Such was Frederic the Ruler. But there was another Frederic, the Frederic of Rheinsberg, the fiddler and flute-player, the poetaster and metaphysician. Amidst the cares of State the King had retained his passion for music, for reading, for writing, for literary society. To these amusements he devoted all the time that he could snatch from the business of war and government; and perhaps more light is thrown on his character by what passed during his hours of relaxation, than by his battles or his laws.

It was the just boast of Schiller that, in his country, no Augustus, no Lorenzo, had watched over the infancy of poetry. The rich and energetic language of Luther, driven by the Latin from the schools of pedants, and by the French from the palaces of kings, had taken refuge among the people. Of the powers of that language Frederic had no notion. He generally spoke of it, and of those who used it, with the contempt of ignorance. His library consisted of French books; at his table nothing was heard but French conversation. The associates of his hours of relaxation were, for the most part, foreigners. Britain furnished to the royal circle two distinguished men, born in the highest rank, and driven by civil dissensions from the land to which, under happier circumstances, their talents and virtues might have been a source of strength and glory. George Keith, Earl Marischal of Scotland, had taken arms for the House of Stuart in 1715; and his younger brother James, then only seventeen years old, had fought gallantly by his side. When all was lost they retired together to the Continent, roved from country to country, served under various standards, and so bore themselves as to win the respect and good-will of many who had no love for the Jacobite cause. Their long wanderings terminated at Potsdam; nor had Frederic any associates who deserved or obtained so large a share of his esteem. They were not only accomplished men, but nobles and warriors, capable of serving him in war and diplomacy, as well as of amusing him at supper. Alone of all his companions, they appear never to have had reason to complain of his demeanor towards them. Some of those who knew the palace best pronounced that the Lord Marischal was the only human being whom Frederic ever really loved.

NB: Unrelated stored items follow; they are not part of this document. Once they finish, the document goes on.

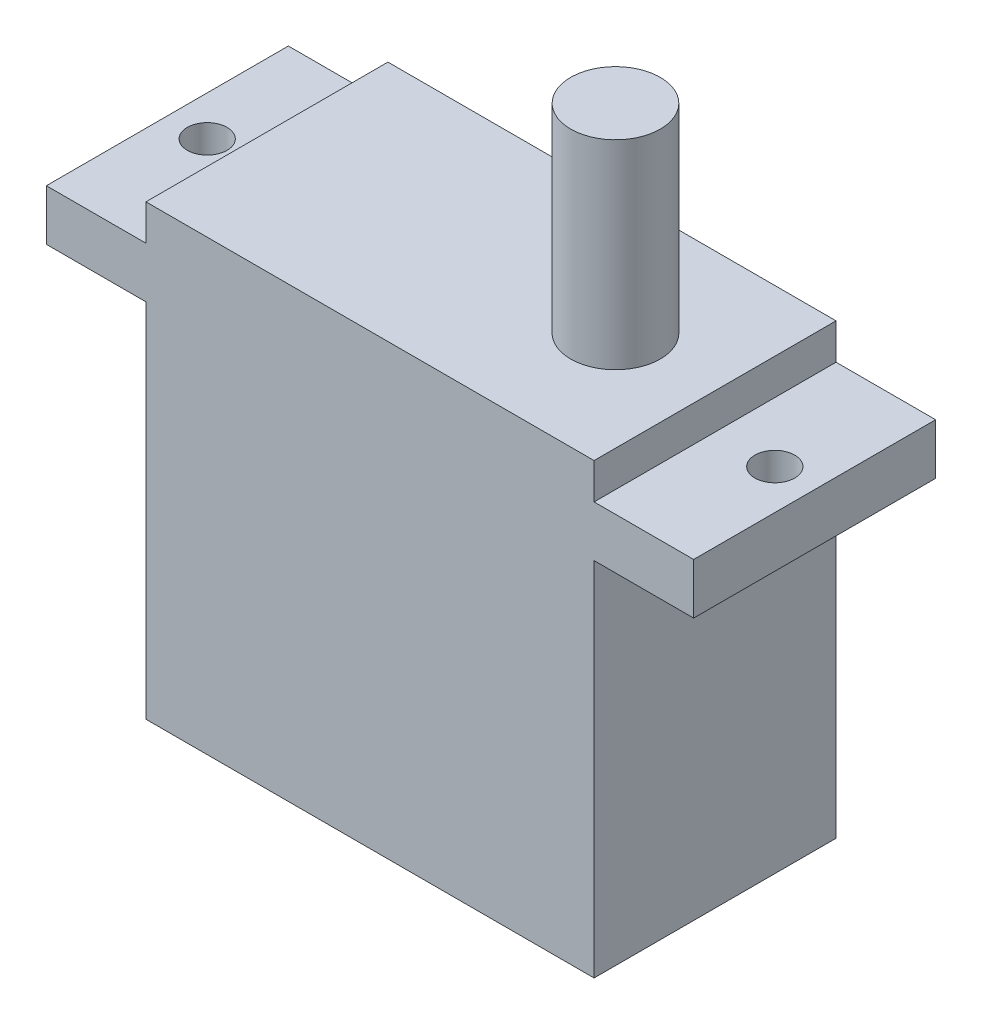
ISO-10303-21;
HEADER;
FILE_DESCRIPTION(('STEP AP214'),'2;1');
FILE_NAME('part.step','',(''),(''),'','','');
FILE_SCHEMA(('AUTOMOTIVE_DESIGN { 1 0 10303 214 1 1 1 1 }'));
ENDSEC;
DATA;
#1=APPLICATION_CONTEXT('core data for automotive mechanical design processes');
#2=APPLICATION_PROTOCOL_DEFINITION('international standard','automotive_design',2000,#1);
#3=PRODUCT_CONTEXT('',#1,'mechanical');
#4=PRODUCT('Part','Part','',(#3));
#5=PRODUCT_RELATED_PRODUCT_CATEGORY('part','',(#4));
#6=PRODUCT_DEFINITION_FORMATION('','',#4);
#7=PRODUCT_DEFINITION_CONTEXT('part definition',#1,'design');
#8=PRODUCT_DEFINITION('design','',#6,#7);
#9=PRODUCT_DEFINITION_SHAPE('','',#8);
#10=(LENGTH_UNIT() NAMED_UNIT(*) SI_UNIT(.MILLI.,.METRE.));
#11=(NAMED_UNIT(*) PLANE_ANGLE_UNIT() SI_UNIT($,.RADIAN.));
#12=(NAMED_UNIT(*) SI_UNIT($,.STERADIAN.) SOLID_ANGLE_UNIT());
#13=UNCERTAINTY_MEASURE_WITH_UNIT(LENGTH_MEASURE(1.E-05),#10,'distance_accuracy_value','');
#14=(GEOMETRIC_REPRESENTATION_CONTEXT(3) GLOBAL_UNCERTAINTY_ASSIGNED_CONTEXT((#13)) GLOBAL_UNIT_ASSIGNED_CONTEXT((#10,
#11,#12)) REPRESENTATION_CONTEXT('',''));
#15=CARTESIAN_POINT('',(0.,0.,0.));
#16=DIRECTION('',(0.,0.,1.));
#17=DIRECTION('',(1.,0.,0.));
#18=AXIS2_PLACEMENT_3D('',#15,#16,#17);
#19=CARTESIAN_POINT('',(-11.25,22.5,6.075));
#20=DIRECTION('',(1.,0.,0.));
#21=DIRECTION('',(0.,0.,-1.));
#22=AXIS2_PLACEMENT_3D('',#19,#20,#21);
#23=PLANE('',#22);
#24=DIRECTION('',(0.,0.,-1.));
#25=VECTOR('',#24,1.);
#26=CARTESIAN_POINT('',(-11.25,20.7,6.075));
#27=LINE('',#26,#25);
#28=CARTESIAN_POINT('',(-11.25,20.7,6.075));
#29=VERTEX_POINT('',#28);
#30=CARTESIAN_POINT('',(-11.25,20.7,-6.07499999999997));
#31=VERTEX_POINT('',#30);
#32=EDGE_CURVE('E147',#29,#31,#27,.T.);
#33=ORIENTED_EDGE('',*,*,#32,.F.);
#34=DIRECTION('',(0.,-1.,0.));
#35=VECTOR('',#34,1.);
#36=CARTESIAN_POINT('',(-11.25,22.5,6.075));
#37=LINE('',#36,#35);
#38=CARTESIAN_POINT('',(-11.25,22.5,6.075));
#39=VERTEX_POINT('',#38);
#40=EDGE_CURVE('E11',#39,#29,#37,.T.);
#41=ORIENTED_EDGE('',*,*,#40,.F.);
#42=DIRECTION('',(0.,0.,1.));
#43=VECTOR('',#42,1.);
#44=CARTESIAN_POINT('',(-11.25,22.5,6.075));
#45=LINE('',#44,#43);
#46=CARTESIAN_POINT('',(-11.25,22.5,-6.075));
#47=VERTEX_POINT('',#46);
#48=EDGE_CURVE('E201',#47,#39,#45,.T.);
#49=ORIENTED_EDGE('',*,*,#48,.F.);
#50=DIRECTION('',(0.,-1.,0.));
#51=VECTOR('',#50,1.);
#52=CARTESIAN_POINT('',(-11.25,22.5,-6.075));
#53=LINE('',#52,#51);
#54=EDGE_CURVE('E220',#47,#31,#53,.T.);
#55=ORIENTED_EDGE('',*,*,#54,.T.);
#56=EDGE_LOOP('',(#33,#41,#49,#55));
#57=FACE_BOUND('',#56,.T.);
#58=ADVANCED_FACE('F43',(#57),#23,.F.);
#59=CARTESIAN_POINT('',(11.25,22.5,6.075));
#60=DIRECTION('',(-1.,0.,0.));
#61=DIRECTION('',(0.,0.,1.));
#62=AXIS2_PLACEMENT_3D('',#59,#60,#61);
#63=PLANE('',#62);
#64=DIRECTION('',(0.,0.,-1.));
#65=VECTOR('',#64,1.);
#66=CARTESIAN_POINT('',(11.25,18.15,6.075));
#67=LINE('',#66,#65);
#68=CARTESIAN_POINT('',(11.25,18.15,6.075));
#69=VERTEX_POINT('',#68);
#70=CARTESIAN_POINT('',(11.25,18.15,-6.07499999999997));
#71=VERTEX_POINT('',#70);
#72=EDGE_CURVE('E178',#69,#71,#67,.T.);
#73=ORIENTED_EDGE('',*,*,#72,.F.);
#74=DIRECTION('',(0.,-1.,0.));
#75=VECTOR('',#74,1.);
#76=CARTESIAN_POINT('',(11.25,22.5,6.075));
#77=LINE('',#76,#75);
#78=CARTESIAN_POINT('',(11.25,0.,6.075));
#79=VERTEX_POINT('',#78);
#80=EDGE_CURVE('E225',#69,#79,#77,.T.);
#81=ORIENTED_EDGE('',*,*,#80,.T.);
#82=DIRECTION('',(0.,0.,-1.));
#83=VECTOR('',#82,1.);
#84=CARTESIAN_POINT('',(11.25,0.,6.075));
#85=LINE('',#84,#83);
#86=CARTESIAN_POINT('',(11.25,0.,-6.07499999999997));
#87=VERTEX_POINT('',#86);
#88=EDGE_CURVE('E215',#79,#87,#85,.T.);
#89=ORIENTED_EDGE('',*,*,#88,.T.);
#90=DIRECTION('',(0.,-1.,0.));
#91=VECTOR('',#90,1.);
#92=CARTESIAN_POINT('',(11.25,22.5,-6.07499999999997));
#93=LINE('',#92,#91);
#94=EDGE_CURVE('E222',#71,#87,#93,.T.);
#95=ORIENTED_EDGE('',*,*,#94,.F.);
#96=EDGE_LOOP('',(#73,#81,#89,#95));
#97=FACE_BOUND('',#96,.T.);
#98=ADVANCED_FACE('F232',(#97),#63,.F.);
#99=CARTESIAN_POINT('',(-11.25,18.15,6.075));
#100=VERTEX_POINT('',#99);
#101=CARTESIAN_POINT('',(-11.25,0.,6.075));
#102=VERTEX_POINT('',#101);
#103=EDGE_CURVE('E51',#100,#102,#37,.T.);
#104=ORIENTED_EDGE('',*,*,#103,.F.);
#105=DIRECTION('',(0.,0.,-1.));
#106=VECTOR('',#105,1.);
#107=CARTESIAN_POINT('',(-11.25,18.15,6.075));
#108=LINE('',#107,#106);
#109=CARTESIAN_POINT('',(-11.25,18.15,-6.075));
#110=VERTEX_POINT('',#109);
#111=EDGE_CURVE('E58',#100,#110,#108,.T.);
#112=ORIENTED_EDGE('',*,*,#111,.T.);
#113=CARTESIAN_POINT('',(-11.25,0.,-6.075));
#114=VERTEX_POINT('',#113);
#115=EDGE_CURVE('E211',#110,#114,#53,.T.);
#116=ORIENTED_EDGE('',*,*,#115,.T.);
#117=DIRECTION('',(0.,0.,1.));
#118=VECTOR('',#117,1.);
#119=CARTESIAN_POINT('',(-11.25,0.,6.075));
#120=LINE('',#119,#118);
#121=EDGE_CURVE('E192',#114,#102,#120,.T.);
#122=ORIENTED_EDGE('',*,*,#121,.T.);
#123=EDGE_LOOP('',(#104,#112,#116,#122));
#124=FACE_BOUND('',#123,.T.);
#125=ADVANCED_FACE('F45',(#124),#23,.F.);
#126=CARTESIAN_POINT('',(11.25,22.5,6.075));
#127=DIRECTION('',(0.,0.,-1.));
#128=DIRECTION('',(-1.,0.,0.));
#129=AXIS2_PLACEMENT_3D('',#126,#127,#128);
#130=PLANE('',#129);
#131=DIRECTION('',(1.,0.,0.));
#132=VECTOR('',#131,1.);
#133=CARTESIAN_POINT('',(11.25,0.,6.075));
#134=LINE('',#133,#132);
#135=EDGE_CURVE('E213',#102,#79,#134,.T.);
#136=ORIENTED_EDGE('',*,*,#135,.T.);
#137=ORIENTED_EDGE('',*,*,#80,.F.);
#138=DIRECTION('',(-1.,0.,0.));
#139=VECTOR('',#138,1.);
#140=CARTESIAN_POINT('',(16.25,18.15,6.075));
#141=LINE('',#140,#139);
#142=CARTESIAN_POINT('',(16.25,18.15,6.075));
#143=VERTEX_POINT('',#142);
#144=EDGE_CURVE('E189',#143,#69,#141,.T.);
#145=ORIENTED_EDGE('',*,*,#144,.F.);
#146=DIRECTION('',(0.,1.,0.));
#147=VECTOR('',#146,1.);
#148=CARTESIAN_POINT('',(16.25,18.15,6.075));
#149=LINE('',#148,#147);
#150=CARTESIAN_POINT('',(16.25,20.7,6.075));
#151=VERTEX_POINT('',#150);
#152=EDGE_CURVE('E174',#143,#151,#149,.T.);
#153=ORIENTED_EDGE('',*,*,#152,.T.);
#154=DIRECTION('',(-1.,0.,0.));
#155=VECTOR('',#154,1.);
#156=CARTESIAN_POINT('',(16.25,20.7,6.075));
#157=LINE('',#156,#155);
#158=CARTESIAN_POINT('',(11.25,20.7,6.075));
#159=VERTEX_POINT('',#158);
#160=EDGE_CURVE('E185',#151,#159,#157,.T.);
#161=ORIENTED_EDGE('',*,*,#160,.T.);
#162=CARTESIAN_POINT('',(11.25,22.5,6.075));
#163=VERTEX_POINT('',#162);
#164=EDGE_CURVE('E226',#163,#159,#77,.T.);
#165=ORIENTED_EDGE('',*,*,#164,.F.);
#166=DIRECTION('',(1.,0.,0.));
#167=VECTOR('',#166,1.);
#168=CARTESIAN_POINT('',(11.25,22.5,6.075));
#169=LINE('',#168,#167);
#170=EDGE_CURVE('E204',#39,#163,#169,.T.);
#171=ORIENTED_EDGE('',*,*,#170,.F.);
#172=ORIENTED_EDGE('',*,*,#40,.T.);
#173=DIRECTION('',(1.,0.,0.));
#174=VECTOR('',#173,1.);
#175=CARTESIAN_POINT('',(-16.25,20.7,6.075));
#176=LINE('',#175,#174);
#177=CARTESIAN_POINT('',(-16.25,20.7,6.075));
#178=VERTEX_POINT('',#177);
#179=EDGE_CURVE('E145',#178,#29,#176,.T.);
#180=ORIENTED_EDGE('',*,*,#179,.F.);
#181=DIRECTION('',(0.,1.,0.));
#182=VECTOR('',#181,1.);
#183=CARTESIAN_POINT('',(-16.25,18.15,6.075));
#184=LINE('',#183,#182);
#185=CARTESIAN_POINT('',(-16.25,18.15,6.075));
#186=VERTEX_POINT('',#185);
#187=EDGE_CURVE('E141',#186,#178,#184,.T.);
#188=ORIENTED_EDGE('',*,*,#187,.F.);
#189=DIRECTION('',(1.,0.,0.));
#190=VECTOR('',#189,1.);
#191=CARTESIAN_POINT('',(-16.25,18.15,6.075));
#192=LINE('',#191,#190);
#193=EDGE_CURVE('E129',#186,#100,#192,.T.);
#194=ORIENTED_EDGE('',*,*,#193,.T.);
#195=ORIENTED_EDGE('',*,*,#103,.T.);
#196=EDGE_LOOP('',(#136,#137,#145,#153,#161,#165,#171,#172,#180,#188,#194,#195));
#197=FACE_BOUND('',#196,.T.);
#198=ADVANCED_FACE('F143',(#197),#130,.F.);
#199=ORIENTED_EDGE('',*,*,#164,.T.);
#200=DIRECTION('',(0.,0.,-1.));
#201=VECTOR('',#200,1.);
#202=CARTESIAN_POINT('',(11.25,20.7,6.075));
#203=LINE('',#202,#201);
#204=CARTESIAN_POINT('',(11.25,20.7,-6.07499999999997));
#205=VERTEX_POINT('',#204);
#206=EDGE_CURVE('E173',#159,#205,#203,.T.);
#207=ORIENTED_EDGE('',*,*,#206,.T.);
#208=CARTESIAN_POINT('',(11.25,22.5,-6.07499999999997));
#209=VERTEX_POINT('',#208);
#210=EDGE_CURVE('E223',#209,#205,#93,.T.);
#211=ORIENTED_EDGE('',*,*,#210,.F.);
#212=DIRECTION('',(0.,0.,-1.));
#213=VECTOR('',#212,1.);
#214=CARTESIAN_POINT('',(11.25,22.5,6.075));
#215=LINE('',#214,#213);
#216=EDGE_CURVE('E207',#163,#209,#215,.T.);
#217=ORIENTED_EDGE('',*,*,#216,.F.);
#218=EDGE_LOOP('',(#199,#207,#211,#217));
#219=FACE_BOUND('',#218,.T.);
#220=ADVANCED_FACE('F255',(#219),#63,.F.);
#221=CARTESIAN_POINT('',(11.25,22.5,-6.07499999999997));
#222=DIRECTION('',(0.,0.,1.));
#223=DIRECTION('',(1.,0.,0.));
#224=AXIS2_PLACEMENT_3D('',#221,#222,#223);
#225=PLANE('',#224);
#226=DIRECTION('',(-1.,0.,0.));
#227=VECTOR('',#226,1.);
#228=CARTESIAN_POINT('',(11.25,0.,-6.07499999999997));
#229=LINE('',#228,#227);
#230=EDGE_CURVE('E205',#87,#114,#229,.T.);
#231=ORIENTED_EDGE('',*,*,#230,.T.);
#232=ORIENTED_EDGE('',*,*,#115,.F.);
#233=DIRECTION('',(1.,0.,0.));
#234=VECTOR('',#233,1.);
#235=CARTESIAN_POINT('',(-16.25,18.15,-6.07499999999997));
#236=LINE('',#235,#234);
#237=CARTESIAN_POINT('',(-16.25,18.15,-6.07499999999997));
#238=VERTEX_POINT('',#237);
#239=EDGE_CURVE('E136',#238,#110,#236,.T.);
#240=ORIENTED_EDGE('',*,*,#239,.F.);
#241=DIRECTION('',(0.,1.,0.));
#242=VECTOR('',#241,1.);
#243=CARTESIAN_POINT('',(-16.25,18.15,-6.07499999999997));
#244=LINE('',#243,#242);
#245=CARTESIAN_POINT('',(-16.25,20.7,-6.07499999999997));
#246=VERTEX_POINT('',#245);
#247=EDGE_CURVE('E152',#238,#246,#244,.T.);
#248=ORIENTED_EDGE('',*,*,#247,.T.);
#249=DIRECTION('',(1.,0.,0.));
#250=VECTOR('',#249,1.);
#251=CARTESIAN_POINT('',(-16.25,20.7,-6.07499999999997));
#252=LINE('',#251,#250);
#253=EDGE_CURVE('E164',#246,#31,#252,.T.);
#254=ORIENTED_EDGE('',*,*,#253,.T.);
#255=ORIENTED_EDGE('',*,*,#54,.F.);
#256=DIRECTION('',(-1.,0.,0.));
#257=VECTOR('',#256,1.);
#258=CARTESIAN_POINT('',(11.25,22.5,-6.07499999999997));
#259=LINE('',#258,#257);
#260=EDGE_CURVE('E209',#209,#47,#259,.T.);
#261=ORIENTED_EDGE('',*,*,#260,.F.);
#262=ORIENTED_EDGE('',*,*,#210,.T.);
#263=DIRECTION('',(-1.,0.,0.));
#264=VECTOR('',#263,1.);
#265=CARTESIAN_POINT('',(16.25,20.7,-6.07499999999997));
#266=LINE('',#265,#264);
#267=CARTESIAN_POINT('',(16.25,20.7,-6.07499999999997));
#268=VERTEX_POINT('',#267);
#269=EDGE_CURVE('E196',#268,#205,#266,.T.);
#270=ORIENTED_EDGE('',*,*,#269,.F.);
#271=DIRECTION('',(0.,1.,0.));
#272=VECTOR('',#271,1.);
#273=CARTESIAN_POINT('',(16.25,18.15,-6.07499999999997));
#274=LINE('',#273,#272);
#275=CARTESIAN_POINT('',(16.25,18.15,-6.07499999999997));
#276=VERTEX_POINT('',#275);
#277=EDGE_CURVE('E181',#276,#268,#274,.T.);
#278=ORIENTED_EDGE('',*,*,#277,.F.);
#279=DIRECTION('',(-1.,0.,0.));
#280=VECTOR('',#279,1.);
#281=CARTESIAN_POINT('',(16.25,18.15,-6.07499999999997));
#282=LINE('',#281,#280);
#283=EDGE_CURVE('E193',#276,#71,#282,.T.);
#284=ORIENTED_EDGE('',*,*,#283,.T.);
#285=ORIENTED_EDGE('',*,*,#94,.T.);
#286=EDGE_LOOP('',(#231,#232,#240,#248,#254,#255,#261,#262,#270,#278,#284,#285));
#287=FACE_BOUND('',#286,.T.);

Italy sent to the parties at Potsdam the ingenious and amiable Algarotti, and Bastiani, the most crafty, cautious, and servile of Abbes. But the greater part of the society which Frederic had assembled round him, was drawn from France. Maupertuis had acquired some celebrity by the journey which he had made to Lapland, for the purpose of ascertaining, by actual measurement, the shape of our planet. He was placed in the chair of the Academy of Berlin, a humble imitation of the renowned academy of Paris. Baculard D'Arnaud, a young poet, who was thought to have given promise of great things, had been induced to quit his country, and to reside at the Prussian Court. The Marquess D'Argens was among the King's favorite companions, on account, as it should seem, of the strong opposition between their characters. The parts of D'Argens were good, and his manners those of a finished French gentleman; but his whole soul was dissolved in sloth, timidity, and self-indulgence. He was one of that abject class of minds which are superstitious without being religious. Hating Christianity with a rancor which made him incapable of rational inquiry, unable to see in the harmony and beauty of the universe the traces of divine power and wisdom, he was the slave of dreams and omens, would not sit down to table with thirteen in company, turned pale if the salt fell towards him, begged his guests not to cross their knives and forks on their plates, and would not for the world commence a journey on Friday. His health was a subject of constant anxiety to him. Whenever his head ached, or his pulse beat quick, his dastardly fears and effeminate precautions were the jest of all Berlin. All this suited the King's purpose admirably. He wanted somebody by whom he might be amused, and whom he might despise. When he wished to pass half an hour in easy polished conversation, D'Argens was an excellent companion; when he wanted to vent his spleen and contempt, D'Argens was an excellent butt.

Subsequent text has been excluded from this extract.